Segment Open

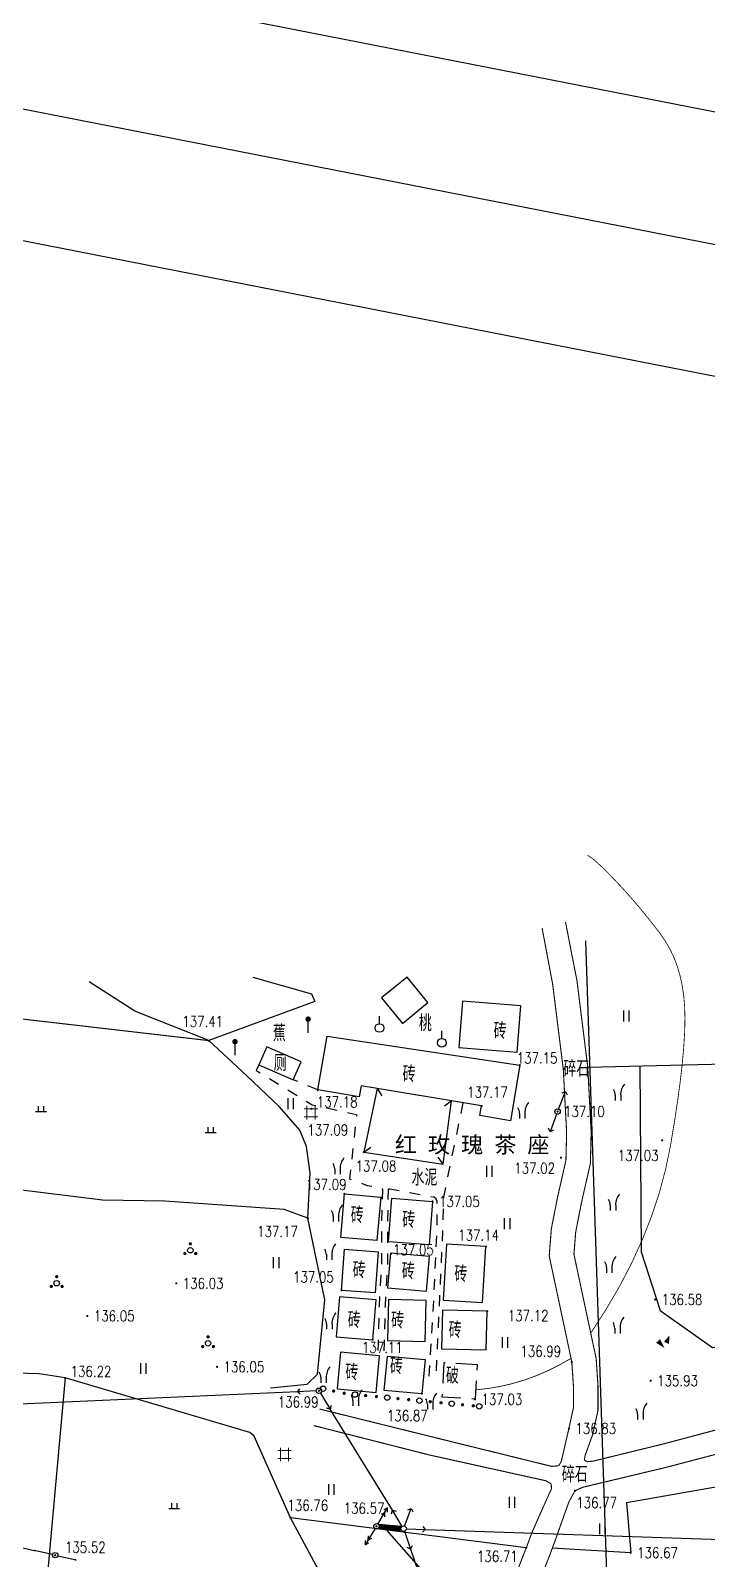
# Model space of a CAD drawing. Extents: x 529262 to 576451, y 2694391 to 2717535.
# Drawn here: x 564030.3 to 564092.9, y 2711435.6 to 2711577 of the extents above; entities that cross this region are included whole.
import ezdxf
from ezdxf.enums import TextEntityAlignment as Align
from ezdxf.xclip import XClip

# ---------------------------------------------------------------- set-up
doc = ezdxf.new("R2010")
doc.units = 0
doc.header["$XCLIPFRAME"] = 0
for name, pattern in [('X2', [10, 8, -2]), ('X5', [3, 2, -1]), ('X6', [2, 1, -1])]:
    doc.linetypes.add(name, pattern=pattern)
for name, color, linetype in [('DGX', 8, 'Continuous'), ('DLDW', 8, 'Continuous'), ('DLSS', 4, 'Continuous'), ('DMTZ', 8, 'Continuous'), ('GCD', 8, 'Continuous'), ('GXYZ', 8, 'Continuous'), ('JMD', 8, 'Continuous'), ('PP-COM', 7, 'Continuous'), ('RD-中线', 40, 'Continuous'), ('RD-红线', 7, 'Continuous'), ('ZBTZ', 8, 'Continuous'), ('ZJ', 7, 'Continuous')]:
    doc.layers.add(name, color=color, linetype=linetype)
doc.layers.add('SXSS', color=5, linetype='Continuous', lineweight=0)
doc.styles.add('HZ', font='rs.shx', dxfattribs={"width": 0.8, "bigfont": 'hztxt.shx'})
doc.styles.add('等线体', font='simhei.ttf')
doc.linetypes.add('10421', pattern='A,2,[150,AAA.SHX,S=0.5,R=0,X=0,Y=0.5],1e-11', length=2)
doc.linetypes.add('1161', pattern='A,0,[149,AAA.SHX,S=0.15,R=0,X=0,Y=0],-1.6', length=1.6)

# ---------------------------------------------------------------- blocks, each defined once
blk = doc.blocks.new('A$C19FD0107')
at = {"layer": 'RD-中线', "color": 8, "linetype": 'Continuous'}
blk.add_lwpolyline([(-7301.16, 17459.99), (-7272.19, 17420.85, 0.008459), (-7269.72, 17417.63), (-7184.25, 17309.97, -0.031954), (-7175.51, 17297.38), (-7153.68, 17261.24, 0.092052), (-7124.57, 17228.5), (-7119.81, 17224.81, 0.053024), (-7098.24, 17211.45), (-7088.02, 17206.53, 0.063859), (-7059.05, 17196.9), (-6837.91, 17153.6)], format="xyb", dxfattribs=at)
at = {"layer": 'RD-红线', "color": 8, "linetype": 'Continuous', "flags": 128}
for points in [[(-6852.1, 17168.6), (-7048.98, 17207.16)], [(-6856.89, 17145.09), (-7063.69, 17185.58)]]:
    blk.add_lwpolyline(points, dxfattribs=at)
blk = doc.blocks.new('GC200')
at = {"linetype": 'Continuous', "const_width": 0.2, "flags": 128}
blk.add_lwpolyline([(-0.1, 0, 1), (0.1, 0, 1)], format="xyb", close=True, dxfattribs=at)
blk = doc.blocks.new('gc146')
for p, q in [((-1.25, 0.75), (1.25, 0.75)), ((-0.75, -1.25), (-0.75, 1.25)), ((0.75, -1.25), (0.75, 1.25)), ((-1.25, -0.75), (1.25, -0.75))]:
    blk.add_line(p, q)
blk = doc.blocks.new('gc125')
at = {"color": 8}
blk.add_line((0, 0.8), (0, 2.2), dxfattribs=at)
blk.add_circle((0, 0), 0.8, dxfattribs=at)
blk = doc.blocks.new('gc119')
at = {"color": 8}
for p, q in [((-1, 0), (1, 0)), ((-0.5, 1), (-0.5, 0)), ((0.5, 1), (0.5, 0))]:
    blk.add_line(p, q, dxfattribs=at)
blk = doc.blocks.new('gc121')
at = {"color": 8}
for p, q in [((-0.5, -1), (-0.5, 1)), ((0.5, -1), (0.5, 1))]:
    blk.add_line(p, q, dxfattribs=at)
blk = doc.blocks.new('gc246')
at = {"color": 8}
for p, q in [((-0.5, 1), (-0.5, 0)), ((0.5, 1), (0.5, 0))]:
    blk.add_line(p, q, dxfattribs=at)
for centre, radius, start, end in [((3.4, 1.11), 2.91, 139.3312, 182.0887), ((-2.94, 0.81), 2.45, 4.3743, 29.0242)]:
    blk.add_arc(centre, radius, start, end, dxfattribs=at)
blk = doc.blocks.new('gc090')
at = {"color": 8}
for points in [[(-1.02, 0.41, 1, 0, 0), (0.15, -0.9, 0, 0, 0)], [(1.07, 1.45, 0, 1, 0), (0.52, 0.05, 1, 1, 0)]]:
    blk.add_lwpolyline(points, format="xyseb", dxfattribs=at)
blk = doc.blocks.new('gc013b')
at = {"linetype": 'Continuous'}
blk.add_line((0.5, 0), (4, 0), dxfattribs=at)
at = {"linetype": 'Continuous', "flags": 128}
blk.add_lwpolyline([(3.5, 0.5), (4, 0), (3.5, -0.5)], dxfattribs=at)
blk = doc.blocks.new('gc013c')
at = {"linetype": 'Continuous'}
blk.add_line((0.5, 0), (4, 0), dxfattribs=at)
at = {"linetype": 'Continuous', "const_width": 0.15, "flags": 128}
blk.add_lwpolyline([(3.775, 0, 1), (3.925, 0, 1)], format="xyb", close=True, dxfattribs=at)
blk = doc.blocks.new('gc170')
at = {"color": 8, "linetype": 'Continuous'}
blk.add_circle((0, 0), 0.5, dxfattribs=at)
blk = doc.blocks.new('gc253')
at = {"color": 8, "const_width": 0.3}
blk.add_lwpolyline([(-0.15, 0, 1), (0.15, 0, 1)], format="xyb", close=True, dxfattribs=at)
blk = doc.blocks.new('gc013a')
at = {"linetype": 'Continuous'}
blk.add_line((0.5, 0), (4, 0), dxfattribs=at)
at = {"linetype": 'Continuous', "flags": 128}
for points in [[(2.31, -0.4), (3, 0), (2.31, 0.4)], [(3.31, -0.4), (4, 0), (3.31, 0.4)]]:
    blk.add_lwpolyline(points, dxfattribs=at)
blk = doc.blocks.new('gc165')
at = {"color": 8}
blk.add_line((0, 0), (0, 2), dxfattribs=at)
at = {"color": 8, "const_width": 0.5}
blk.add_lwpolyline([(-0.25, 2.5, 1), (0.25, 2.5, 1)], format="xyb", close=True, dxfattribs=at)
blk = doc.blocks.new('gc254')
at = {"color": 8, "const_width": 0.3}
for points in [[(-0.15, 1.2, 1), (0.15, 1.2, 1)], [(-1.15, -0.6, 1), (-0.85, -0.6, 1)], [(0.85, -0.6, 1), (1.15, -0.6, 1)]]:
    blk.add_lwpolyline(points, format="xyb", close=True, dxfattribs=at)
at = {"color": 8}
blk.add_circle((0, 0), 0.5, dxfattribs=at)

msp = doc.modelspace()

# ---------------------------------------------------------------- linework, layer by layer
at = {"layer": 'DGX', "linetype": 'Continuous', "lineweight": -2, "const_width": 0.075, "flags": 128}
for points in [[(564081.792, 2711500.691), (564081.951, 2711500.613), (564082.157, 2711500.474), (564082.412, 2711500.272), (564082.714, 2711500.008), (564083.063, 2711499.682), (564083.461, 2711499.295), (564083.906, 2711498.845), (564084.399, 2711498.334), (564084.915, 2711497.783), (564085.431, 2711497.216), (564085.946, 2711496.631), (564086.461, 2711496.03), (564086.975, 2711495.413), (564087.488, 2711494.778), (564088, 2711494.126), (564088.512, 2711493.458), (564088.995, 2711492.761), (564089.42, 2711492.022), (564089.789, 2711491.241), (564090.101, 2711490.418), (564090.355, 2711489.554), (564090.553, 2711488.648), (564090.693, 2711487.701), (564090.777, 2711486.711), (564090.804, 2711485.627), (564090.778, 2711484.395), (564090.696, 2711483.016), (564090.561, 2711481.488), (564090.371, 2711479.812), (564090.126, 2711477.988), (564089.828, 2711476.017), (564089.474, 2711473.897), (564089.026, 2711471.707), (564088.442, 2711469.521), (564087.722, 2711467.34), (564086.867, 2711465.165), (564085.876, 2711462.995), (564084.749, 2711460.83), (564083.486, 2711458.67), (564082.087, 2711456.515)], [(564080.265, 2711454.177), (564079.214, 2711453.577), (564078.149, 2711453.044), (564077.071, 2711452.579), (564075.978, 2711452.181), (564074.871, 2711451.851), (564073.75, 2711451.588), (564072.616, 2711451.393), (564071.467, 2711451.265)]]:
    msp.add_lwpolyline(points, dxfattribs=at)
at = {"layer": 'DLDW', "linetype": 'Continuous', "lineweight": -2, "elevation": 137.09, "flags": 128}
msp.add_lwpolyline([(564054.562, 2711479.953), (564055.287, 2711481.616), (564052.115, 2711482.999), (564051.39, 2711481.336)], close=True, dxfattribs=at)
at = {"layer": 'DLSS', "linetype": 'Continuous', "lineweight": -2, "const_width": 0.1, "flags": 128}
for points, elevation in [([(564081.498, 2711444.748), (564081.498, 2711444.748), (564081.552, 2711445.143), (564082.272, 2711447.146), (564082.763, 2711449.401), (564082.763, 2711451.587), (564082.591, 2711454.152), (564080.535, 2711463.799), (564080.695, 2711465.847), (564081.241, 2711468.624), (564082.058, 2711472.222), (564082.128, 2711475.117), (564081.813, 2711481.105), (564080.813, 2711489.111), (564079.757, 2711494.529)], 138.16), ([(564080.628, 2711441.928), (564081.348, 2711442.256), (564088.999, 2711444.078), (564094.633, 2711445.558), (564104.669, 2711447.775), (564113.82, 2711449.658), (564114.998, 2711449.745)], 136.77), ([(564101.549, 2711406.256), (564069.221, 2711413.554), (564069.177, 2711414.623), (564069.995, 2711417.072), (564074.693, 2711426.748), (564075.512, 2711428.905), (564078.246, 2711435.846), (564078.781, 2711437.28), (564079.646, 2711439.724), (564080.084, 2711440.931), (564080.628, 2711441.928)], 138.16)]:
    msp.add_lwpolyline(points, dxfattribs=dict(at, elevation=elevation))
at = {"layer": 'DLSS', "linetype": 'X2', "lineweight": -2, "const_width": 0.1, "flags": 128}
for points, elevation in [([(564079.123, 2711444.241), (564079.36, 2711444.631), (564080.068, 2711447.688), (564080.494, 2711449.645), (564080.494, 2711451.511), (564080.338, 2711453.838), (564078.248, 2711463.648), (564078.443, 2711466.155), (564079.021, 2711469.094), (564079.795, 2711472.503), (564079.858, 2711475.085), (564079.551, 2711480.905), (564078.57, 2711488.76), (564077.59, 2711493.968)], 138.16), ([(564081.498, 2711444.748), (564081.8, 2711444.622), (564082.376, 2711444.686), (564088.9, 2711446.285), (564093.862, 2711447.604), (564104.104, 2711450.226), (564113.471, 2711452.154), (564114.998, 2711452.267)], 136.77), ([(564066.458, 2711414.318), (564066.726, 2711414.618), (564067.918, 2711417.988), (564072.608, 2711427.648), (564073.395, 2711429.723), (564076.128, 2711436.658), (564076.661, 2711438.091), (564077.989, 2711441.093), (564078.452, 2711442.093), (564078.435, 2711442.56)], 138.16)]:
    msp.add_lwpolyline(points, dxfattribs=dict(at, elevation=elevation))
at = {"layer": 'DLSS', "linetype": 'X6', "lineweight": -2, "flags": 128}
for points in [[(564051.39, 2711481.336), (564051.149, 2711480.805), (564056.333, 2711477.636), (564060.426, 2711476.726), (564059.776, 2711470.779), (564061.408, 2711470.178), (564062.743, 2711469.932), (564062.808, 2711469.893)], [(564070.269, 2711477.818), (564068.458, 2711469.088), (564068.375, 2711465.929), (564068.097, 2711459.894), (564067.739, 2711452.097)], [(564062.808, 2711469.893), (564062.825, 2711469.769), (564062.727, 2711466.607), (564062.726, 2711463.011), (564062.503, 2711459.055), (564062.419, 2711455.595), (564062.391, 2711454.822)], [(564063.368, 2711469.868), (564063.348, 2711469.769), (564063.282, 2711466.599), (564063.281, 2711462.995), (564063.058, 2711459.033), (564062.974, 2711455.579), (564062.946, 2711454.802)], [(564063.368, 2711469.868), (564063.49, 2711469.87), (564067.585, 2711469.106), (564067.722, 2711469.031), (564067.838, 2711468.718), (564067.842, 2711466.254), (564067.557, 2711459.878), (564067.093, 2711452.118)]]:
    msp.add_lwpolyline(points, dxfattribs=at)
at = {"layer": 'DLSS', "linetype": 'X6', "flags": 128}
msp.add_lwpolyline([(564056.83, 2711479.003), (564054.562, 2711479.953)], dxfattribs=at)
at = {"layer": 'DLSS', "linetype": 'X2', "lineweight": -2, "const_width": 0.1, "flags": 128}
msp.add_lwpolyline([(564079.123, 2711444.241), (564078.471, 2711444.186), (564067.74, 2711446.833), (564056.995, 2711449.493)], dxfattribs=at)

Segment Closed

§ Exercise requirements:
Output the lines, exactly: the first line of the entries above, every line after it, and the line with "for name, color, linetype" as the last. No pictures.

§ Problem solution:
# Model space of a CAD drawing. Extents: x 529262 to 576451, y 2694391 to 2717535.
# Drawn here: x 564030.3 to 564092.9, y 2711435.6 to 2711577 of the extents above; entities that cross this region are included whole.
import ezdxf
from ezdxf.enums import TextEntityAlignment as Align
from ezdxf.xclip import XClip

# ---------------------------------------------------------------- set-up
doc = ezdxf.new("R2010")
doc.units = 0
doc.header["$XCLIPFRAME"] = 0
for name, pattern in [('X2', [10, 8, -2]), ('X5', [3, 2, -1]), ('X6', [2, 1, -1])]:
    doc.linetypes.add(name, pattern=pattern)
for name, color, linetype in [('DGX', 8, 'Continuous'), ('DLDW', 8, 'Continuous'), ('DLSS', 4, 'Continuous'), ('DMTZ', 8, 'Continuous'), ('GCD', 8, 'Continuous'), ('GXYZ', 8, 'Continuous'), ('JMD', 8, 'Continuous'), ('PP-COM', 7, 'Continuous'), ('RD-中线', 40, 'Continuous'), ('RD-红线', 7, 'Continuous'), ('ZBTZ', 8, 'Continuous'), ('ZJ', 7, 'Continuous')]:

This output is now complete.